— YOUR GOAL —
Among the records that follow, set down only the lines from the one containing "#101=EDGE_CURVE('E385',#68,#100,#98,.T.);" to the one containing "#108=VERTEX_POINT('',#107);", both included, exactly.

--- GIVEN RECORDS Enclosed Below ---

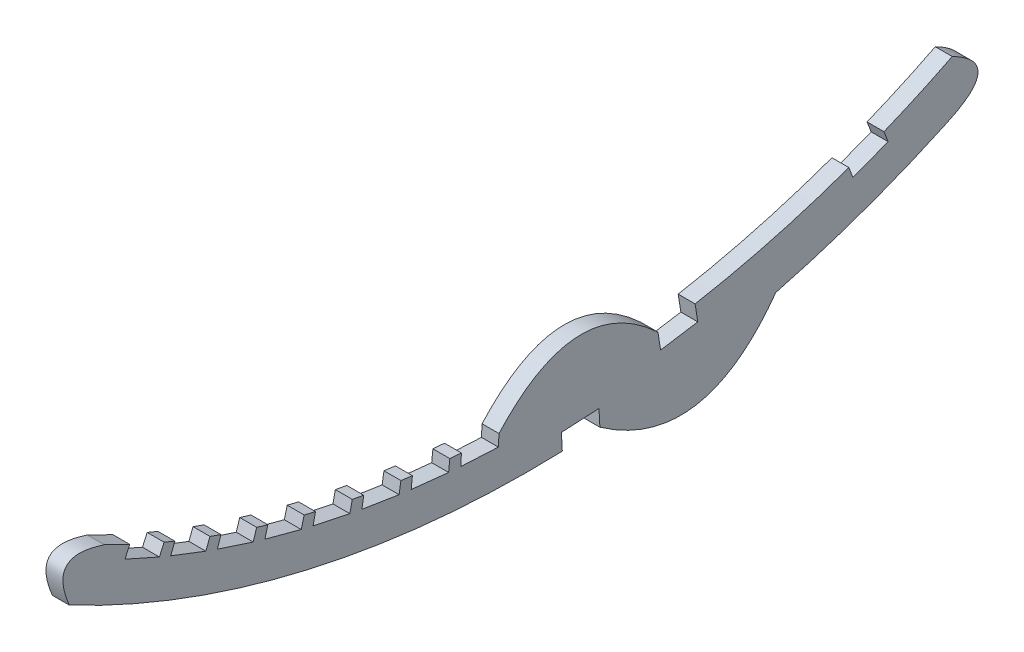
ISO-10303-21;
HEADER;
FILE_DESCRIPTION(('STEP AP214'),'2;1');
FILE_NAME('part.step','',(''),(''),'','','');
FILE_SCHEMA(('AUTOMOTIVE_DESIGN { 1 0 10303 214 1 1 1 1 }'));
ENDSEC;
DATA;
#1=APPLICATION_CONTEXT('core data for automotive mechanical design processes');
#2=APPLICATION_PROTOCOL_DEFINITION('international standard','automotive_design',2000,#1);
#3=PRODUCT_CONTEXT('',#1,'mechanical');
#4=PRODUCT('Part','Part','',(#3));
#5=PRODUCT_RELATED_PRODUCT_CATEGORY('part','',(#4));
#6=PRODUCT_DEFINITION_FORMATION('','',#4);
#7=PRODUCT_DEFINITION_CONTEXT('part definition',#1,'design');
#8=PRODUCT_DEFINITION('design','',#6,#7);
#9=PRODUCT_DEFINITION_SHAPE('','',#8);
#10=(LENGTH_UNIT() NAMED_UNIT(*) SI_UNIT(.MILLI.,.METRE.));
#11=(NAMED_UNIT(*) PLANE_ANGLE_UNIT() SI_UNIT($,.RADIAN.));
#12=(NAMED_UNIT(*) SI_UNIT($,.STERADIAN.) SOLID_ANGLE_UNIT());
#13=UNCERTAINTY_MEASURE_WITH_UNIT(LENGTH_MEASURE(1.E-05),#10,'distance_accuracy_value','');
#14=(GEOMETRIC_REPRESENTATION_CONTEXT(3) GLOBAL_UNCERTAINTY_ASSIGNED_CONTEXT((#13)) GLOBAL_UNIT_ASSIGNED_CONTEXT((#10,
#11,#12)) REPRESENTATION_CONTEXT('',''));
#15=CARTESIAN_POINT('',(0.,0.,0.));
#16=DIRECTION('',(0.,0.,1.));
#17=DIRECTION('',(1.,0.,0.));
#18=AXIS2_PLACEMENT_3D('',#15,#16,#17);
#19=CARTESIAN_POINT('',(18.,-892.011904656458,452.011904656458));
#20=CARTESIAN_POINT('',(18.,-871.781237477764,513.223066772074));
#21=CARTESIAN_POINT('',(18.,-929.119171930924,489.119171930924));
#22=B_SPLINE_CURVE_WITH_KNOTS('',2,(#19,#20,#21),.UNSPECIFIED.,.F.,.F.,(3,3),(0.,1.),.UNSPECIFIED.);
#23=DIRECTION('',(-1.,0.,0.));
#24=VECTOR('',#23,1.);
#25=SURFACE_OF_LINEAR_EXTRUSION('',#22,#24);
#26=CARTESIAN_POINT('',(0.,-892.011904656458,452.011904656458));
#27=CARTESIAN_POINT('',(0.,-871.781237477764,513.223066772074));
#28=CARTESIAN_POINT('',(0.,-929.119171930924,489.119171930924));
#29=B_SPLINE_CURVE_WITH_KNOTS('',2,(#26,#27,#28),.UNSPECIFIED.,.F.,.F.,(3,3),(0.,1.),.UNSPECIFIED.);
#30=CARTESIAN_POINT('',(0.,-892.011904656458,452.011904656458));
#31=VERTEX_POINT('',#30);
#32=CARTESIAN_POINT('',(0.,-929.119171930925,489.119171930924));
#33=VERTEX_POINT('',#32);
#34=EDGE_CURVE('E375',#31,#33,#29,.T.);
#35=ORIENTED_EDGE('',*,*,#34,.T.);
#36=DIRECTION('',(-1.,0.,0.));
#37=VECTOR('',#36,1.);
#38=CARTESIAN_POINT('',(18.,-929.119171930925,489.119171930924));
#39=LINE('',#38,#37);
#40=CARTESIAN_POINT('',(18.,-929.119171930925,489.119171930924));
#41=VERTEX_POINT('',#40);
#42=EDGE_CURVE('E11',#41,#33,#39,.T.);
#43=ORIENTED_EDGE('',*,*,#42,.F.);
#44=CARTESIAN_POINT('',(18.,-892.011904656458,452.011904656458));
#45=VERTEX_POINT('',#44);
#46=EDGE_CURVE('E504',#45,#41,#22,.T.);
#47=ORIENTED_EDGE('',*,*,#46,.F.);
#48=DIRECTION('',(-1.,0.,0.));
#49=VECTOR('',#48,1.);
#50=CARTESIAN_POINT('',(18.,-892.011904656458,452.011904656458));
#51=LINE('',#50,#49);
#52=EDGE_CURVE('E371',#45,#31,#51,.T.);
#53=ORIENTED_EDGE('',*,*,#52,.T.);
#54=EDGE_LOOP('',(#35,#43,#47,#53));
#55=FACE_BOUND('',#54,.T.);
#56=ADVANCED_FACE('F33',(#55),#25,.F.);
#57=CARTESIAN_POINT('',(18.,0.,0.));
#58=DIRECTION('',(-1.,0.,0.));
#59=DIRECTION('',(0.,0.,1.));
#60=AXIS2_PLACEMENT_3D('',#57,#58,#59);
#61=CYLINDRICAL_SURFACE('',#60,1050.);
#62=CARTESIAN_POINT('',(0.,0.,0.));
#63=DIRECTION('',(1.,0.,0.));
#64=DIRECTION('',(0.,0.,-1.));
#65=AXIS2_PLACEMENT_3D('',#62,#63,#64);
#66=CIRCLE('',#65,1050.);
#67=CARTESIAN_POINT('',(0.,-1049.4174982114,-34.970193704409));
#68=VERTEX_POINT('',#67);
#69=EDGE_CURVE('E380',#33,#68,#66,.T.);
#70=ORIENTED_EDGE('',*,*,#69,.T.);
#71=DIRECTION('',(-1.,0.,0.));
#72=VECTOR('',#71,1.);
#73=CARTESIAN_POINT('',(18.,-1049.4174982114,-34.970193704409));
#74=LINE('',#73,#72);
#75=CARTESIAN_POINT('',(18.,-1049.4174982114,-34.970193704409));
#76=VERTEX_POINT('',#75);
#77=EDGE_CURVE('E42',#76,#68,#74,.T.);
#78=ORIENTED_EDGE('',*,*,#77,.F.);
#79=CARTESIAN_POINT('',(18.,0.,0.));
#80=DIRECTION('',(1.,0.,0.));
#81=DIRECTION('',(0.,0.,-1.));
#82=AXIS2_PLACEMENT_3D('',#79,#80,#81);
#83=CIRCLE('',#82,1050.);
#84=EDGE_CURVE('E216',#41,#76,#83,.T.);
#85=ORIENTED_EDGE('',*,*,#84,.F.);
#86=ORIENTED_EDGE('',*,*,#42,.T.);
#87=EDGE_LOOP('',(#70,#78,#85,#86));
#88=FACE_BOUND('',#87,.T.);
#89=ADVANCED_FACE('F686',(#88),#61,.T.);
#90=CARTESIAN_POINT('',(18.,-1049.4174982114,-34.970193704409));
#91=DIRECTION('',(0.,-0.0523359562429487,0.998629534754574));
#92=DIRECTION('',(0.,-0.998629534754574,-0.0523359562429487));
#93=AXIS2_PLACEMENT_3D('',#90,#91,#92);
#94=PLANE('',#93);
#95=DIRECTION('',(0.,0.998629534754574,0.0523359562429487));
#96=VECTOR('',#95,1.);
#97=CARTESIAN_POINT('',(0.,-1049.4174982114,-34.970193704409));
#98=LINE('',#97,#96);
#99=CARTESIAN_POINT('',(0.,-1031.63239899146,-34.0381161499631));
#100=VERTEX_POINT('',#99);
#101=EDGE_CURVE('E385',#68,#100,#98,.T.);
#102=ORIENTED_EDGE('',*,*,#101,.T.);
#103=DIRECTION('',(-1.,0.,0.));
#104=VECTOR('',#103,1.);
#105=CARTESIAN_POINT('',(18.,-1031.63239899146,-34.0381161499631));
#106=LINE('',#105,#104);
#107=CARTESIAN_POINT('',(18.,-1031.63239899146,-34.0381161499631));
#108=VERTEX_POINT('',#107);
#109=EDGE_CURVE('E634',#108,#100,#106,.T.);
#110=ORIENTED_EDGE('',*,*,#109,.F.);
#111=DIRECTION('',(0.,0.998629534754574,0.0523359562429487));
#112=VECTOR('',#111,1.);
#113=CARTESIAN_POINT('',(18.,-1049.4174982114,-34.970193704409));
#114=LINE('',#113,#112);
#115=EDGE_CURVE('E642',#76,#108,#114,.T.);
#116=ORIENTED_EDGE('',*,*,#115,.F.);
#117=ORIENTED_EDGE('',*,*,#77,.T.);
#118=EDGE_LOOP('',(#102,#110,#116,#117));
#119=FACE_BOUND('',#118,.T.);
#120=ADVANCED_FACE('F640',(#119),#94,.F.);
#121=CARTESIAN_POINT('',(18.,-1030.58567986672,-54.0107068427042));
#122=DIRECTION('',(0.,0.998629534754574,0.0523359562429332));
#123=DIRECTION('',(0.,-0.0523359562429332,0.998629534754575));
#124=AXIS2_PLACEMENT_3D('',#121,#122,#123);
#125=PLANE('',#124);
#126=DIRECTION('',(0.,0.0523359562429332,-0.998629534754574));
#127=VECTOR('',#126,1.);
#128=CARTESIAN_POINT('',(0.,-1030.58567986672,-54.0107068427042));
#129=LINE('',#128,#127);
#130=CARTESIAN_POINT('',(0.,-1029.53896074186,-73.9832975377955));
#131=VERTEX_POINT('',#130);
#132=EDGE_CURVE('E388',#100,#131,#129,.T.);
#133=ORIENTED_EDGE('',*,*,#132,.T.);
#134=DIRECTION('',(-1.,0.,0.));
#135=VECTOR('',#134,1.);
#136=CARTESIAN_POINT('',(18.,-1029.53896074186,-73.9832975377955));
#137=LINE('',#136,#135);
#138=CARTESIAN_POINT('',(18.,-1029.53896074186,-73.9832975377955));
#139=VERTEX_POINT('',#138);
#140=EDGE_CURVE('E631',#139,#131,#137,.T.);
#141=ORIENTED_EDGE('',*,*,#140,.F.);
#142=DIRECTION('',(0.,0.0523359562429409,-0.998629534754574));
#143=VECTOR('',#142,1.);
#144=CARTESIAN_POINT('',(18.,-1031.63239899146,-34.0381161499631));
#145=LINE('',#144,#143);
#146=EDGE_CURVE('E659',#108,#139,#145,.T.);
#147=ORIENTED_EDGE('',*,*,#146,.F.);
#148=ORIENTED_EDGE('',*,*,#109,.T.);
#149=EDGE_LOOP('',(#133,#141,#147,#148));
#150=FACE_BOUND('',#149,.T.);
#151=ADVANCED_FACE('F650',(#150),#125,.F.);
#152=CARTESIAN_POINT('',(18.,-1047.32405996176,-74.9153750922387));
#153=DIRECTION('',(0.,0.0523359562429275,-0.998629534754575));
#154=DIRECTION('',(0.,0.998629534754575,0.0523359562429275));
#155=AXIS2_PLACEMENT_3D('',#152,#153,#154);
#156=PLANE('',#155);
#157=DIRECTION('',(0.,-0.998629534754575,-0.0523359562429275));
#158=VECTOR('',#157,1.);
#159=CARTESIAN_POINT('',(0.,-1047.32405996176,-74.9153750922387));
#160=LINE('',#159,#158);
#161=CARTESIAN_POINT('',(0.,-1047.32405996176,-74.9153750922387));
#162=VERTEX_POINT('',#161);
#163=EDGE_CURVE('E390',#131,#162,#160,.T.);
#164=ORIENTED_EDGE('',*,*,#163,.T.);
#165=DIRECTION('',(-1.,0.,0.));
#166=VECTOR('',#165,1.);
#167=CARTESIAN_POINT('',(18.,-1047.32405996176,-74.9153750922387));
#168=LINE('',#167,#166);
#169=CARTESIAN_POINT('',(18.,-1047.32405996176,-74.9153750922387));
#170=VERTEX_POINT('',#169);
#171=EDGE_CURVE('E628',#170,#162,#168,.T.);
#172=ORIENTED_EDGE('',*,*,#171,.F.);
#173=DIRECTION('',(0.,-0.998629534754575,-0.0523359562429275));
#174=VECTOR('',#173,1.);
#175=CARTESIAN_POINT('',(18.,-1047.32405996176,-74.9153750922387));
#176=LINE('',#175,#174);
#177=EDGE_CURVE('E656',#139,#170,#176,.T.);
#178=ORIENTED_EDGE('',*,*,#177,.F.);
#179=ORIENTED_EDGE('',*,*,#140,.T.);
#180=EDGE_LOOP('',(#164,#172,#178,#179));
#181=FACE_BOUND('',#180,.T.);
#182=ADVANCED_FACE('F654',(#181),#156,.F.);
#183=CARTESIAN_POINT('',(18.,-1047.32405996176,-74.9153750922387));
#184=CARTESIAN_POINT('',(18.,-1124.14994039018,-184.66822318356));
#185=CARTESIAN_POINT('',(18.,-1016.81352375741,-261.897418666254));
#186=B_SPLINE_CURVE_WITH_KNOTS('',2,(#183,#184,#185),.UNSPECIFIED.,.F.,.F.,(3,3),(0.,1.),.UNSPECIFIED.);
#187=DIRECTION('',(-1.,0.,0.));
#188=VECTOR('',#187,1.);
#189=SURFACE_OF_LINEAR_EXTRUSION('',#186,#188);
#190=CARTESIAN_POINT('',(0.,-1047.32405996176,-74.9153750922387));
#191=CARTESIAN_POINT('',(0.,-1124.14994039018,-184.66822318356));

--- End of Enclosed GIVEN RECORDS ---

— RESULT —
#101=EDGE_CURVE('E385',#68,#100,#98,.T.);
#102=ORIENTED_EDGE('',*,*,#101,.T.);
#103=DIRECTION('',(-1.,0.,0.));
#104=VECTOR('',#103,1.);
#105=CARTESIAN_POINT('',(18.,-1031.63239899146,-34.0381161499631));
#106=LINE('',#105,#104);
#107=CARTESIAN_POINT('',(18.,-1031.63239899146,-34.0381161499631));
#108=VERTEX_POINT('',#107);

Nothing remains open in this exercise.